Wednesday, February 20, 2008
Hold back the flow ... of false claims on water for transportation
First, our work on this is under review so I won't comment too much on the methodology until it is accepted and published, but I can clarify some aspects of the table in the Toronto Star article as well as the comment by Mr. Quaiattini.
As far as Mr. Quaiattini is concerned, let me assure him that neither me nor Michael are against biofuels. What we are for is understanding the impacts of all fuels. That is why we presented information that compares a variety of fuels, and future work can focus on additional biofuels and alternative fuels.
Mr. Quaiattini claims that 85% of U.S. corn is non-irrigated. This is fairly consistent value as in 1998 we show approximately 1.9 billion bushels irrigated (see http://www.nass.usda.gov/census/census97/fris/fris.htm Table 22) out of about 9.8 billion bushels of US corn grain (see http://www.nass.usda.gov/ and select 'US corn grain' stats for 1998 in the pull down menu) - this gives 15.6% irrigated. He also states the numbers of 3 gallons of water to process the corn into a gallon of ethanol, and this is at the lower end of the range of values we used.
The data presented in the aside in the Star article lists ethanol water 'use' (note in this case consumption and withdrawal are roughly equivalent) as 40-130 gallons per mile driven on E85. This is close, but not quite accurate as noted. We calculate 12-136 gallons per mile driven on E85 derived from irrigated corn in the U.S. The range exists because not all regions that grow corn need the same amount of irrigation. Obviously some regions get more rain than others. We have made no claim (yet!) on the total water consumed and withdrawn for travel in light duty vehicles in the US.
NOTE: when considering ethanol derived from non-irrigated corn, the values for consumption and withdrawal are less than 0.5 gallons/mile. This shows you that the vast majority of the water of concern is for irrigation.
IMPORTANT:
Does this mean we should not use biofuels? ABSOLUTELY NOT!!!
What it does mean is that we need to understand the limits of our water resources while considering the tradeoffs that that the "biofuels vs. fossil fuels" debate entails. Fossil fuels are essentially really old biomass as nature has done a lot of work for us in growing the plants and storing them in the ground (over 100s of millions of years) for us to now use. Biofuels are essentially really young fossil fuels.

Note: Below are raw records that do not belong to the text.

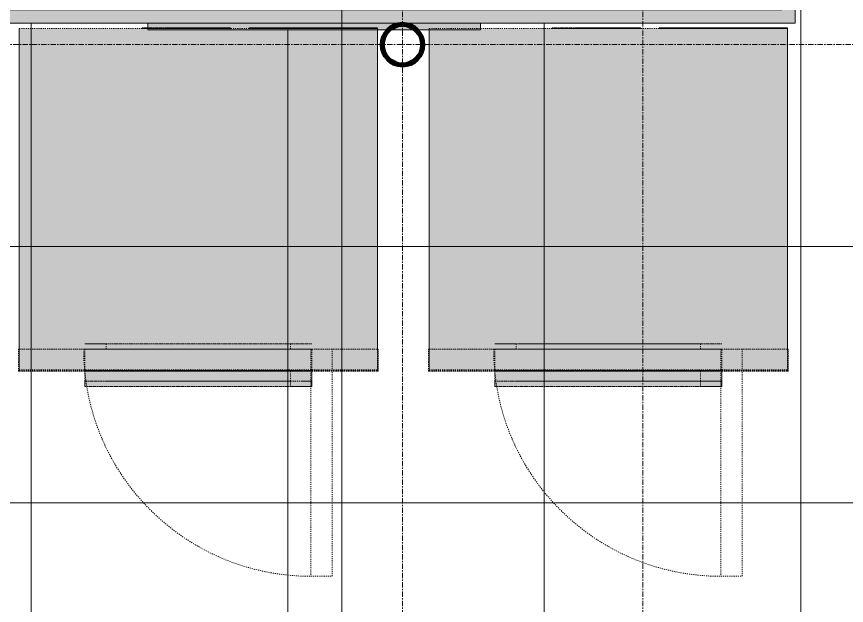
# Model space of a CAD drawing. Header units: inches. Extents: x 12491 to 13453, y 1814 to 2543.
# Drawn here: x 12746.5 to 12824.1, y 2067.9 to 2123 of the extents above; entities that cross this region are included whole.
import ezdxf

# ---------------------------------------------------------------- set-up
doc = ezdxf.new("R2010")
doc.units = ezdxf.units.IN
doc.header["$MEASUREMENT"] = 0
doc.linetypes.add('Dash 1_16_', pattern=[0.125, 0.0625, -0.0625])
doc.linetypes.add('Grid Line 1_2_', pattern=[0.875, 0.5, -0.125, 0.125, -0.125])
for name, color, linetype, lineweight in [('A-CLNG-PATT', 13, 'Continuous', 18), ('G-ANNO-SYMB', 111, 'Continuous', 9), ('I-WALL', 2, 'Continuous', 18), ('M-EQPM-1', 251, 'Dash 1_16_', 18), ('S-BEAM', 12, 'Continuous', 9), ('S-COLS', 52, 'Continuous', 9), ('S-COLS-1', 52, 'Continuous', 60), ('S-GRID-1', 1, 'Grid Line 1_2_', 9)]:
    doc.layers.add(name, color=color, linetype=linetype, lineweight=lineweight)
for name, color, linetype, lineweight, transparency in [('M-EQPM-2', 8, 'Dash 1_16_', 18, 1), ('M-EQPM-3', 10, 'Dash 1_16_', 18, 1), ('M-EQPM-4', 254, 'Dash 1_16_', 18, 1)]:
    doc.layers.add(name, color=color, linetype=linetype, lineweight=lineweight, transparency=transparency)

# ---------------------------------------------------------------- blocks, each defined once
blk = doc.blocks.new('_Commerical Front Washer - MFR35-V15-REFLECTED CEILING PLAN - 1ST FLOOR')
at = {"layer": 'M-EQPM-2'}
for points in [[(5.11, 32), (5.11, 32.063), (-0.89, 32.063), (-0.89, 32), (3.255, 32)], [(6.54, 32), (7.36, 32), (7.36, 32.063), (1.36, 32.063), (1.36, 32), (3.255, 32)], [(13.109, 32), (15.11, 32), (15.11, 32.063), (9.11, 32.063), (9.11, 32), (9.824, 32)], [(19.678, 32), (21.11, 32), (21.11, 32.063), (15.11, 32.063), (15.11, 32), (16.393, 32)]]:
    blk.add_hatch(color=256, dxfattribs=at).paths.add_polyline_path(points, flags=0)
at = {"layer": 'M-EQPM-3'}
for points in [[(16.393, 0), (21.11, 0), (21.11, 32), (-12.39, 32), (-12.39, 0), (13.109, 0)], [(3.255, 2), (14.985, 2), (14.985, 2.5), (-6.265, 2.5), (-6.265, 2), (3.25, 2)], [(14.775, -1), (14.985, -1), (14.985, 2), (-6.265, 2), (-6.265, -1), (14.753, -1)], [(-3.411, -1), (12.985, -1), (12.985, 2), (-4.265, 2), (-4.265, -1), (-4.048, -1)]]:
    blk.add_hatch(color=256, dxfattribs=at).paths.add_polyline_path(points, flags=0)
at = {"layer": 'M-EQPM-4'}
for points in [[(12.956, 2), (12.985, 2), (12.985, 2.5), (-4.265, 2.5), (-4.265, 2), (12.769, 2)], [(14.985, -0.063), (21.174, -0.063), (21.174, 2), (-12.452, 2), (-12.452, -0.063), (14.913, -0.063)], [(16.393, -0.063), (21.11, -0.063), (21.11, 0.062), (-12.39, 0.062), (-12.39, -0.063), (13.109, -0.063)], [(3.255, -1.498), (12.985, -1.498), (12.985, 0), (-6.265, 0), (-6.265, -1.498)], [(-2.379, -0.063), (-2.255, -0.063), (-2.255, 0), (-2.471, 0), (-2.471, -0.063), (-2.383, -0.063)], [(1.077, -0.063), (1.245, -0.063), (1.245, 0), (-2.255, 0), (-2.255, -0.063), (0.618, -0.063)], [(1.309, -0.063), (1.461, -0.063), (1.461, 0), (1.245, 0), (1.245, -0.063)], [(3.761, -0.063), (5.075, -0.063), (5.075, 0), (3.646, 0), (3.646, -0.063)], [(7.349, -0.063), (7.474, -0.063), (7.474, 0), (7.257, 0), (7.257, -0.063), (7.297, -0.063)], [(10.165, -0.063), (10.974, -0.063), (10.974, 0), (7.474, 0), (7.474, -0.063), (9.824, -0.063)], [(11.191, -0.063), (11.191, 0), (10.974, 0), (10.974, -0.063), (11.151, -0.063)], [(12.985, -1.498), (14.985, -1.498), (14.985, 0), (12.985, 0), (12.985, -1.354)]]:
    blk.add_hatch(color=256, dxfattribs=at).paths.add_polyline_path(points, flags=0)
at = {"layer": 'M-EQPM-1'}
for p, q in [((-0.89, 32), (-12.39, 32)), ((-12.39, 32), (-12.39, 2)), ((-12.39, 0), (-12.39, 32)), ((-12.39, 32), (21.11, 32)), ((-0.89, 32.063), (1.36, 32.063)), ((1.36, 32.063), (-0.89, 32.063)), ((-0.89, 32), (-0.89, 32.063)), ((-0.89, 32.063), (-0.89, 32)), ((-0.89, 32), (1.36, 32)), ((1.36, 32), (-0.89, 32)), ((1.36, 32), (-0.89, 32)), ((1.36, 32.063), (5.11, 32.063)), ((5.11, 32.063), (1.36, 32.063)), ((1.36, 32.063), (7.36, 32.063)), ((7.36, 32.063), (1.36, 32.063)), ((1.36, 32), (1.36, 32.063)), ((1.36, 32.063), (1.36, 32)), ((1.36, 32), (5.11, 32)), ((5.11, 32), (1.36, 32)), ((1.36, 32), (7.36, 32)), ((7.36, 32), (1.36, 32)), ((5.11, 32), (1.36, 32)), ((5.11, 32.063), (5.11, 32)), ((5.11, 32.063), (5.11, 32)), ((7.36, 32), (5.11, 32)), ((7.36, 32.063), (7.36, 32)), ((7.36, 32.063), (7.36, 32)), ((9.11, 32), (7.36, 32)), ((9.11, 32.063), (15.11, 32.063)), ((15.11, 32.063), (9.11, 32.063)), ((9.11, 32), (9.11, 32.063)), ((9.11, 32.063), (9.11, 32)), ((9.11, 32), (15.11, 32)), ((15.11, 32), (9.11, 32)), ((21.11, 32), (9.11, 32)), ((15.11, 32.063), (15.11, 32)), ((15.11, 32.063), (15.11, 32)), ((21.11, 32.063), (15.11, 32.063)), ((15.11, 32.063), (21.11, 32.063)), ((15.11, 32.063), (15.11, 32)), ((15.11, 32.063), (15.11, 32)), ((21.11, 32), (15.11, 32)), ((15.11, 32), (21.11, 32)), ((21.11, 32), (21.11, 32.063)), ((21.11, 32.063), (21.11, 32)), ((21.11, 2), (21.11, 32)), ((21.11, 32), (21.11, 0)), ((-4.27, 2.5), (-6.265, 2.5)), ((-6.265, 2.5), (14.985, 2.5)), ((12.99, 2.5), (-4.27, 2.5)), ((-4.265, 2.5), (-4.265, 2)), ((0.618, 2.5), (-4.265, 2.5)), ((-4.265, 2.5), (12.131, 2.5)), ((2.441, 2.5), (0.618, 2.5)), ((12.985, 2.5), (2.441, 2.5)), ((12.131, 2.5), (12.985, 2.5)), ((12.985, 2), (12.985, 2.5)), ((14.985, 2.5), (12.99, 2.5)), ((-12.39, 2), (-12.452, 2)), ((-12.452, 2), (-12.39, 2)), ((-12.452, -0.063), (-12.452, 2)), ((-12.452, -0.063), (-12.452, 2)), ((-6.265, 2), (-12.39, 2)), ((-12.39, 2), (-6.265, 2)), ((-12.39, 2), (-12.39, 0.062)), ((-4.265, 2), (-6.265, 2)), ((-6.265, 2), (-4.265, 2)), ((-6.265, 2), (-6.265, 0.062)), ((-6.265, 2), (-5.346, 2)), ((-4.27, 2), (-6.265, 2)), ((-6.033, 2), (-6.265, 2)), ((-6.265, 2), (-4.27, 2)), ((-4.236, 2), (-6.033, 2)), ((-5.346, 2), (3.25, 2)), ((-2.749, 2), (-4.27, 2)), ((-4.27, 2), (-4.236, 2)), ((3.037, 2), (-4.265, 2)), ((-4.265, 2), (3.243, 2)), ((-1.95, 2), (-4.265, 2)), ((-4.265, 2), (3.25, 2)), ((-4.265, 2), (3.037, 2)), ((3.243, 2), (-4.265, 2)), ((-0.952, 2), (-4.236, 2)), ((-4.236, 2), (-1.984, 2)), ((-1.984, 2), (-2.749, 2)), ((-0.952, 2), (-1.984, 2)), ((-1.984, 2), (7.644, 2)), ((3.043, 2), (-1.95, 2)), ((10.705, 2), (-0.952, 2)), ((5.471, 2), (-0.952, 2)), ((3.243, 2), (3.037, 2)), ((3.037, 2), (3.243, 2)), ((3.25, 2), (3.043, 2)), ((5.684, 2), (3.249, 2)), ((3.249, 2), (9.738, 2)), ((3.249, 2), (5.684, 2)), ((12.985, 2), (3.249, 2)), ((3.25, 2), (14.753, 2)), ((5.678, 2), (3.255, 2)), ((3.255, 2), (12.985, 2)), ((14.985, 2), (5.471, 2)), ((10.671, 2), (5.678, 2)), ((12.985, 2), (5.684, 2)), ((5.684, 2), (8.103, 2)), ((7.644, 2), (10.705, 2)), ((8.103, 2), (12.985, 2)), ((9.738, 2), (12.985, 2)), ((12.985, 2), (10.671, 2)), ((11.47, 2), (10.705, 2)), ((10.705, 2), (11.47, 2)), ((12.99, 2), (11.47, 2)), ((11.47, 2), (12.99, 2)), ((14.985, 2), (12.985, 2)), ((12.985, 2), (14.985, 2)), ((14.985, 2), (12.99, 2)), ((12.99, 2), (14.985, 2)), ((14.753, 2), (14.985, 2)), ((14.886, 2), (14.886, -19.25)), ((16.886, 2), (14.886, 2)), ((21.11, 2), (14.985, 2)), ((14.985, 2), (21.11, 2)), ((14.985, 0.062), (14.985, 2)), ((16.886, -19.25), (16.886, 2)), ((21.174, 2), (21.11, 2)), ((21.11, 2), (21.174, 2)), ((21.11, 0.062), (21.11, 2)), ((21.174, 2), (21.174, -0.063)), ((21.174, -0.063), (21.174, 2)), ((21.11, 0.062), (-12.39, 0.062)), ((-12.39, 0.062), (21.11, 0.062)), ((-12.39, 0.062), (-12.39, 0)), ((-12.39, 0.062), (-12.39, -0.063)), ((-12.39, 0.062), (-12.39, 0)), ((-12.39, 0), (-12.39, -0.063)), ((-12.39, 0), (-6.265, 0)), ((21.11, 0), (-12.39, 0)), ((-6.265, 0.062), (-6.265, -0.063)), ((-6.16, 0), (-6.265, 0)), ((-6.265, 0), (-4.265, 0)), ((-6.265, 0), (-6.265, -0.063)), ((-6.265, 0), (-6.265, -0.063)), ((-6.265, 0), (-4.265, 0)), ((3.25, 0), (-6.16, 0)), ((-4.265, 0), (-4.152, 0)), ((-4.265, 0), (-2.471, 0)), ((-4.152, 0), (3.25, 0)), ((-2.504, 0), (-2.504, -0.063)), ((-2.504, 0), (-2.471, 0)), ((-2.383, 0), (-2.504, 0)), ((-2.471, 0), (-2.383, 0)), ((-2.471, 0), (-2.383, 0)), ((-2.379, 0), (-2.255, 0)), ((-2.255, 0), (-2.379, 0)), ((-2.379, 0), (1.461, 0)), ((-2.255, 0), (1.245, 0)), ((1.245, 0), (-2.255, 0)), ((1.245, 0), (1.461, 0)), ((1.494, 0), (1.245, 0)), ((1.461, 0), (1.494, 0)), ((1.461, 0), (3.25, 0)), ((1.494, -0.063), (1.494, 0)), ((12.985, 0), (3.255, 0)), ((3.255, 0), (12.873, 0)), ((3.646, 0), (5.075, 0)), ((5.075, 0), (3.646, 0)), ((3.646, -0.063), (3.646, 0)), ((3.646, 0), (3.646, -0.063)), ((5.075, 0), (5.075, -0.063)), ((5.075, 0), (5.075, -0.063)), ((5.075, 0), (7.257, 0)), ((7.223, 0), (7.223, -0.063)), ((7.474, 0), (7.223, 0)), ((7.223, 0), (7.257, 0)), ((7.257, 0), (7.474, 0)), ((7.257, 0), (7.474, 0)), ((10.974, 0), (7.495, 0)), ((7.495, 0), (10.974, 0)), ((7.495, 0), (11.099, 0)), ((10.974, 0), (11.039, 0)), ((11.099, 0), (10.974, 0)), ((11.039, 0), (11.099, 0)), ((11.104, 0), (11.191, 0)), ((11.225, 0), (11.104, 0)), ((11.104, 0), (11.191, 0)), ((11.191, 0), (11.225, 0)), ((11.191, 0), (12.985, 0)), ((11.225, -0.063), (11.225, 0)), ((12.873, 0), (12.985, 0)), ((14.753, 0), (12.985, 0)), ((12.985, 0), (14.985, 0)), ((12.985, 0), (12.985, -0.063)), ((12.985, 0), (12.985, -0.063)), ((12.985, 0), (12.985, -0.063)), ((12.985, 0), (12.985, -0.063)), ((12.985, 0), (14.985, 0)), ((14.985, 0), (14.753, 0)), ((14.985, -0.063), (14.985, 0.062)), ((14.985, -0.063), (14.985, 0)), ((14.985, 0), (14.985, -0.063)), ((14.985, 0), (21.11, 0)), ((21.11, -0.063), (21.11, 0.062)), ((21.11, 0.062), (21.11, 0)), ((21.11, 0), (21.11, 0.062)), ((21.11, 0), (21.11, -0.063)), ((-12.39, -0.063), (-12.452, -0.063)), ((-12.452, -0.063), (-12.39, -0.063)), ((21.11, -0.063), (-12.39, -0.063)), ((-12.39, -0.063), (21.11, -0.063)), ((-6.265, -0.063), (-12.39, -0.063)), ((-12.39, -0.063), (-6.265, -0.063)), ((-6.265, -0.063), (-6.265, -1)), ((-6.265, -0.063), (-6.265, -1.498)), ((-4.265, -0.063), (-6.265, -0.063)), ((-6.265, -0.063), (-4.265, -0.063)), ((-6.265, -0.063), (-6.265, -1)), ((-2.471, -0.063), (-4.265, -0.063)), ((-4.265, -0.063), (3.043, -0.063)), ((-2.504, -0.063), (-2.431, -0.063)), ((-2.496, -0.063), (-2.504, -0.063)), ((-2.471, -0.063), (-2.496, -0.063)), ((-2.383, -0.063), (-2.471, -0.063)), ((-2.383, -0.063), (-2.471, -0.063)), ((-2.431, -0.063), (-2.383, -0.063)), ((-2.379, -0.063), (-2.255, -0.063)), ((-2.255, -0.063), (-2.379, -0.063)), ((1.461, -0.063), (-2.379, -0.063)), ((-2.255, -0.063), (1.245, -0.063)), ((1.245, -0.063), (-2.255, -0.063)), ((1.245, -0.063), (1.369, -0.063)), ((1.461, -0.063), (1.245, -0.063)), ((1.369, -0.063), (1.494, -0.063)), ((1.494, -0.063), (1.461, -0.063)), ((3.25, -0.063), (1.461, -0.063)), ((3.043, -0.063), (3.25, -0.063)), ((3.255, 0), (3.646, 0)), ((3.646, -0.063), (3.255, -0.063)), ((3.255, -0.063), (5.678, -0.063)), ((3.646, 0), (5.075, 0)), ((3.646, -0.063), (5.075, -0.063)), ((5.075, -0.063), (3.646, -0.063)), ((5.075, -0.063), (3.646, -0.063)), ((7.257, -0.063), (5.075, -0.063)), ((5.68, -0.063), (12.985, -0.063)), ((7.257, -0.063), (7.223, -0.063)), ((7.223, -0.063), (7.297, -0.063)), ((7.474, -0.063), (7.257, -0.063)), ((11.099, -0.063), (7.257, -0.063)), ((7.297, -0.063), (7.474, -0.063)), ((10.974, -0.063), (7.474, -0.063)), ((7.474, -0.063), (10.974, -0.063)), ((10.974, -0.063), (11.099, -0.063)), ((11.099, -0.063), (10.974, -0.063)), ((11.104, -0.063), (11.191, -0.063)), ((11.191, -0.063), (11.104, -0.063)), ((11.191, -0.063), (11.104, -0.063)), ((11.191, -0.063), (11.225, -0.063)), ((11.225, -0.063), (11.191, -0.063)), ((12.985, -0.063), (11.191, -0.063)), ((12.985, -0.063), (12.985, -1)), ((12.985, -0.063), (12.985, -1)), ((12.985, -0.063), (12.985, -1)), ((12.985, -0.063), (12.985, -1)), ((14.985, -0.063), (12.985, -0.063)), ((12.985, -0.063), (14.985, -0.063)), ((14.985, -1), (14.985, -0.063)), ((14.985, -0.063), (14.985, -1.498)), ((14.985, -1), (14.985, -0.063)), ((21.11, -0.063), (14.985, -0.063)), ((14.985, -0.063), (21.11, -0.063)), ((21.174, -0.063), (21.11, -0.063)), ((21.11, -0.063), (21.174, -0.063)), ((-6.265, -1), (-6.265, -1.498)), ((-4.27, -1), (-6.265, -1)), ((-6.265, -1), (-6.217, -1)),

When planning for growing crops either for food or fuel, we need to use both the land and water resources responsibly. I applaud the efforts of the Canadian Renewable Fuels Association and other similar organizations that are helping promote alternatives to fossil fuels for transportation or stationary applications. I believe we can avoid a water conundrum, and our work is providing information to help society do just that.
Water for Transportation - publication on "electric miles"
First, two basic definitions:
water withdrawal is that water which is taken from a source, run through a process, and returned to the source or some other source.
water consumption is water that is withdrawn but not returned to the source due to evaporation (for example - in cooling processes for steam power plants) or evapotranspiration (evaporation from through plants).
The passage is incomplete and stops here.